O ex-presidente Jair Bolsonaro (PL) prestou depoimento ontem à Polícia Civil do Distrito Federal sobre uma arma registrada em seu nome e apreendida durante blitz de trânsito em Brasília. De acordo com o advogado Paulo Cunha Bueno, que representa o ex-chefe do Executivo, Bolsonaro reiterou o que já havia afirmado ao Supremo Tribunal Federal (STF) e disse que pediu a um militar do Exército que faz a sua segurança que providenciasse um reparo na arma.
Os policiais chegaram à residência do ex-presidente por volta das 14h30 e permaneceram cerca de 40 minutos no condomínio onde Bolsonaro mora e cumpre prisão domiciliar, na capital federal. Segundo o advogado, o depoimento durou cinco minutos.
Na semana passada, o militar Estácio Leite da Silva Filho, que atua na segurança de Bolsonaro, foi parado em uma blitz a 33 quilômetros da residência do ex-presidente. Ele levava uma Glock de calibre nove milímetros, registrada no nome do ex-presidente.
A Polícia Civil do Distrito Federal abriu um inquérito para apurar a posse da arma de Bolsonaro pelo segurança e requereu ao ministro do Supremo Alexandre de Moraes, responsável pela execução penal do ex-presidente, a oitiva dele nesta semana por videoconferência.
Moraes autorizou os policiais a colherem o depoimento de Bolsonaro, mas cobrou que a oitiva fosse realizada presencialmente para cumprir a decisão judicial que o proíbe de utilizar dispositivos eletrônicos.
REPARO
Em ofício enviado ao gabinete do ministro do STF, a defesa de Bolsonaro argumentou que ele entregou a arma a Estácio Filho após constatar que o percussor estava inoperante. O ex-presidente teria pedido ao segurança que consertasse o dispositivo.
“Acompanhei o presidente Bolsonaro em seu depoimento sobre o episódio que envolveu o encontro de uma arma de fogo, registrada em seu nome, em posse de um de seus seguranças, durante blitz policial. O presidente esclareceu todas as questões à guisa da resposta apresentada por escrito ao ministro Alexandre de Moraes, dias atrás. A arma era de sua propriedade, estava devidamente registrada e, tendo em vista que não houve determinação de cancelamento de seu registro e entrega da arma, a mesma deveria, de fato, estar em seu endereço residencial”, afirmou o advogado Paulo Cunha Bueno nas redes sociais.
Ele relatou ainda que, ao manusear a arma, Bolsonaro constatou a existência de defeito e, por isso, recorreu a um de seus seguranças para pedir o reparo. “Em momento algum houve intuito de descumprir qualquer determinação legal, sendo certo que se trata de episódio criminalmente acromático.

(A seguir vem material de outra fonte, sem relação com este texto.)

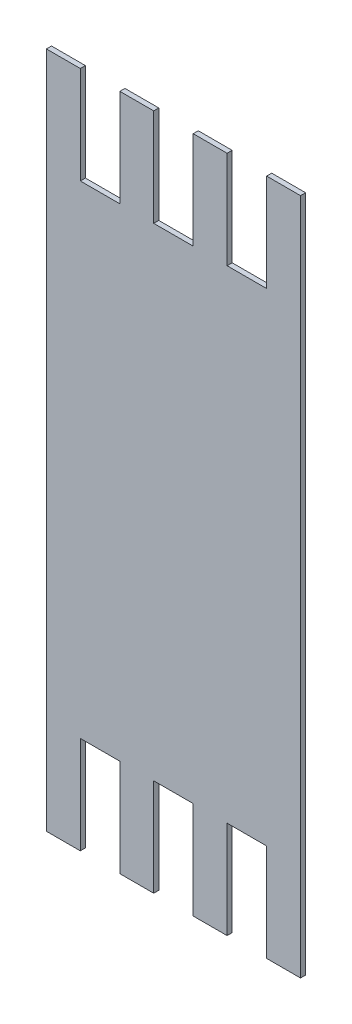
ISO-10303-21;
HEADER;
FILE_DESCRIPTION(('STEP AP214'),'2;1');
FILE_NAME('part.step','',(''),(''),'','','');
FILE_SCHEMA(('AUTOMOTIVE_DESIGN { 1 0 10303 214 1 1 1 1 }'));
ENDSEC;
DATA;
#1=APPLICATION_CONTEXT('core data for automotive mechanical design processes');
#2=APPLICATION_PROTOCOL_DEFINITION('international standard','automotive_design',2000,#1);
#3=PRODUCT_CONTEXT('',#1,'mechanical');
#4=PRODUCT('Part','Part','',(#3));
#5=PRODUCT_RELATED_PRODUCT_CATEGORY('part','',(#4));
#6=PRODUCT_DEFINITION_FORMATION('','',#4);
#7=PRODUCT_DEFINITION_CONTEXT('part definition',#1,'design');
#8=PRODUCT_DEFINITION('design','',#6,#7);
#9=PRODUCT_DEFINITION_SHAPE('','',#8);
#10=(LENGTH_UNIT() NAMED_UNIT(*) SI_UNIT(.MILLI.,.METRE.));
#11=(NAMED_UNIT(*) PLANE_ANGLE_UNIT() SI_UNIT($,.RADIAN.));
#12=(NAMED_UNIT(*) SI_UNIT($,.STERADIAN.) SOLID_ANGLE_UNIT());
#13=UNCERTAINTY_MEASURE_WITH_UNIT(LENGTH_MEASURE(1.E-05),#10,'distance_accuracy_value','');
#14=(GEOMETRIC_REPRESENTATION_CONTEXT(3) GLOBAL_UNCERTAINTY_ASSIGNED_CONTEXT((#13)) GLOBAL_UNIT_ASSIGNED_CONTEXT((#10,
#11,#12)) REPRESENTATION_CONTEXT('',''));
#15=CARTESIAN_POINT('',(0.,0.,0.));
#16=DIRECTION('',(0.,0.,1.));
#17=DIRECTION('',(1.,0.,0.));
#18=AXIS2_PLACEMENT_3D('',#15,#16,#17);
#19=CARTESIAN_POINT('',(5.904142E-11,-3.9153791E-10,0.03));
#20=DIRECTION('',(0.,0.,1.));
#21=DIRECTION('',(1.,0.,0.));
#22=AXIS2_PLACEMENT_3D('',#19,#20,#21);
#23=PLANE('',#22);
#24=DIRECTION('',(1.,0.,0.));
#25=VECTOR('',#24,1.);
#26=CARTESIAN_POINT('',(0.55,2.,0.03));
#27=LINE('',#26,#25);
#28=CARTESIAN_POINT('',(0.55,2.,0.03));
#29=VERTEX_POINT('',#28);
#30=CARTESIAN_POINT('',(0.75,2.,0.03));
#31=VERTEX_POINT('',#30);
#32=EDGE_CURVE('E649',#29,#31,#27,.T.);
#33=ORIENTED_EDGE('',*,*,#32,.F.);
#34=DIRECTION('',(0.,-1.,0.));
#35=VECTOR('',#34,1.);
#36=CARTESIAN_POINT('',(0.55,2.,0.03));
#37=LINE('',#36,#35);
#38=CARTESIAN_POINT('',(0.55,1.425,0.03));
#39=VERTEX_POINT('',#38);
#40=EDGE_CURVE('E11',#29,#39,#37,.T.);
#41=ORIENTED_EDGE('',*,*,#40,.T.);
#42=DIRECTION('',(-1.,0.,0.));
#43=VECTOR('',#42,1.);
#44=CARTESIAN_POINT('',(0.55,1.425,0.03));
#45=LINE('',#44,#43);
#46=CARTESIAN_POINT('',(0.316666666667,1.425,0.03));
#47=VERTEX_POINT('',#46);
#48=EDGE_CURVE('E330',#39,#47,#45,.T.);
#49=ORIENTED_EDGE('',*,*,#48,.T.);
#50=DIRECTION('',(0.,1.,0.));
#51=VECTOR('',#50,1.);
#52=CARTESIAN_POINT('',(0.316666666667,1.425,0.03));
#53=LINE('',#52,#51);
#54=CARTESIAN_POINT('',(0.316666666667,2.,0.03));
#55=VERTEX_POINT('',#54);
#56=EDGE_CURVE('E322',#47,#55,#53,.T.);
#57=ORIENTED_EDGE('',*,*,#56,.T.);
#58=DIRECTION('',(1.,0.,0.));
#59=VECTOR('',#58,1.);
#60=CARTESIAN_POINT('',(0.116666666667,2.,0.03));
#61=LINE('',#60,#59);
#62=CARTESIAN_POINT('',(0.116666666667,2.,0.03));
#63=VERTEX_POINT('',#62);
#64=EDGE_CURVE('E310',#63,#55,#61,.T.);
#65=ORIENTED_EDGE('',*,*,#64,.F.);
#66=DIRECTION('',(0.,-1.,0.));
#67=VECTOR('',#66,1.);
#68=CARTESIAN_POINT('',(0.116666666667,2.,0.03));
#69=LINE('',#68,#67);
#70=CARTESIAN_POINT('',(0.116666666667,1.425,0.03));
#71=VERTEX_POINT('',#70);
#72=EDGE_CURVE('E265',#63,#71,#69,.T.);
#73=ORIENTED_EDGE('',*,*,#72,.T.);
#74=DIRECTION('',(-1.,0.,0.));
#75=VECTOR('',#74,1.);
#76=CARTESIAN_POINT('',(0.116666666667,1.425,0.03));
#77=LINE('',#76,#75);
#78=CARTESIAN_POINT('',(-0.116666666667,1.425,0.03));
#79=VERTEX_POINT('',#78);
#80=EDGE_CURVE('E260',#71,#79,#77,.T.);
#81=ORIENTED_EDGE('',*,*,#80,.T.);
#82=DIRECTION('',(0.,1.,0.));
#83=VECTOR('',#82,1.);
#84=CARTESIAN_POINT('',(-0.116666666667,1.425,0.03));
#85=LINE('',#84,#83);
#86=CARTESIAN_POINT('',(-0.116666666667,2.,0.03));
#87=VERTEX_POINT('',#86);
#88=EDGE_CURVE('E262',#79,#87,#85,.T.);
#89=ORIENTED_EDGE('',*,*,#88,.T.);
#90=DIRECTION('',(1.,1.668697514E-08,0.));
#91=VECTOR('',#90,1.);
#92=CARTESIAN_POINT('',(-0.316666666667,1.999999996663,0.03));
#93=LINE('',#92,#91);
#94=CARTESIAN_POINT('',(-0.316666666667,1.999999996663,0.03));
#95=VERTEX_POINT('',#94);
#96=EDGE_CURVE('E752',#95,#87,#93,.T.);
#97=ORIENTED_EDGE('',*,*,#96,.F.);
#98=DIRECTION('',(0.,-1.,0.));
#99=VECTOR('',#98,1.);
#100=CARTESIAN_POINT('',(-0.316666666667,1.999999996663,0.03));
#101=LINE('',#100,#99);
#102=CARTESIAN_POINT('',(-0.316666666667,1.425,0.03));
#103=VERTEX_POINT('',#102);
#104=EDGE_CURVE('E755',#95,#103,#101,.T.);
#105=ORIENTED_EDGE('',*,*,#104,.T.);
#106=DIRECTION('',(-1.,0.,0.));
#107=VECTOR('',#106,1.);
#108=CARTESIAN_POINT('',(-0.316666666667,1.425,0.03));
#109=LINE('',#108,#107);
#110=CARTESIAN_POINT('',(-0.55,1.425,0.03));
#111=VERTEX_POINT('',#110);
#112=EDGE_CURVE('E740',#103,#111,#109,.T.);
#113=ORIENTED_EDGE('',*,*,#112,.T.);
#114=DIRECTION('',(0.,1.,0.));
#115=VECTOR('',#114,1.);
#116=CARTESIAN_POINT('',(-0.55,1.425,0.03));
#117=LINE('',#116,#115);
#118=CARTESIAN_POINT('',(-0.55,2.,0.03));
#119=VERTEX_POINT('',#118);
#120=EDGE_CURVE('E663',#111,#119,#117,.T.);
#121=ORIENTED_EDGE('',*,*,#120,.T.);
#122=DIRECTION('',(1.,0.,0.));
#123=VECTOR('',#122,1.);
#124=CARTESIAN_POINT('',(-0.75,2.,0.03));
#125=LINE('',#124,#123);
#126=CARTESIAN_POINT('',(-0.75,2.,0.03));
#127=VERTEX_POINT('',#126);
#128=EDGE_CURVE('E760',#127,#119,#125,.T.);
#129=ORIENTED_EDGE('',*,*,#128,.F.);
#130=DIRECTION('',(0.,1.,0.));
#131=VECTOR('',#130,1.);
#132=CARTESIAN_POINT('',(-0.75,-2.,0.03));
#133=LINE('',#132,#131);
#134=CARTESIAN_POINT('',(-0.75,-2.,0.03));
#135=VERTEX_POINT('',#134);
#136=EDGE_CURVE('E849',#135,#127,#133,.T.);
#137=ORIENTED_EDGE('',*,*,#136,.F.);
#138=DIRECTION('',(-1.,0.,0.));
#139=VECTOR('',#138,1.);
#140=CARTESIAN_POINT('',(-0.55,-2.,0.03));
#141=LINE('',#140,#139);
#142=CARTESIAN_POINT('',(-0.55,-2.,0.03));
#143=VERTEX_POINT('',#142);
#144=EDGE_CURVE('E711',#143,#135,#141,.T.);
#145=ORIENTED_EDGE('',*,*,#144,.F.);
#146=DIRECTION('',(0.,-1.,0.));
#147=VECTOR('',#146,1.);
#148=CARTESIAN_POINT('',(-0.55,-1.425,0.03));
#149=LINE('',#148,#147);
#150=CARTESIAN_POINT('',(-0.55,-1.425,0.03));
#151=VERTEX_POINT('',#150);
#152=EDGE_CURVE('E834',#151,#143,#149,.T.);
#153=ORIENTED_EDGE('',*,*,#152,.F.);
#154=DIRECTION('',(-1.,0.,0.));
#155=VECTOR('',#154,1.);
#156=CARTESIAN_POINT('',(-0.316666666667,-1.425,0.03));
#157=LINE('',#156,#155);
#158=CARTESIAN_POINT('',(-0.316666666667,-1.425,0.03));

Aguardamos que o inquérito, em trâmite na Polícia Civil do Distrito Federal, seja, em breve, arquivado”, declarou o advogado.
PRISÃO
O caso da arma apreendida será decisivo na avaliação de Moraes sobre a manutenção ou não de Bolsonaro em prisão domiciliar. O deputado Lindbergh Farias (PT-RJ) pediu ao ministro que o ex-presidente seja mandado de volta a um estabelecimento prisional.
Bolsonaro está em prisão domiciliar temporária desde março, quando foi diagnosticado com um quadro de pneumonia. Após a alta hospitalar, Moraes autorizou sua transferência do 19.º Batalhão da Polícia Militar do Distrito Federal, a Papudinha, acatando pedido de prisão domiciliar humanitária. A defesa alegou que o quadro de saúde do ex-presidente exigia acompanhamento contínuo e cuidados incompatíveis com o ambiente prisional.
SAÚDE
O prazo de 90 dias da prisão domiciliar temporária concedida ao ex-presidente termina amanhã. Na última sexta-feira, um boletim médico apontou melhora no quadro de saúde de Bolsonaro, com evolução no tratamento do ombro operado e redução das crises de soluço, além de maior disposição física.
O ex-presidente foi condenado pela Primeira Turma do Supremo a 27 anos e três meses de prisão por tentativa de golpe e outros crimes relacionados à trama golpista.
As informações são do jornal O Estado de S. Paulo.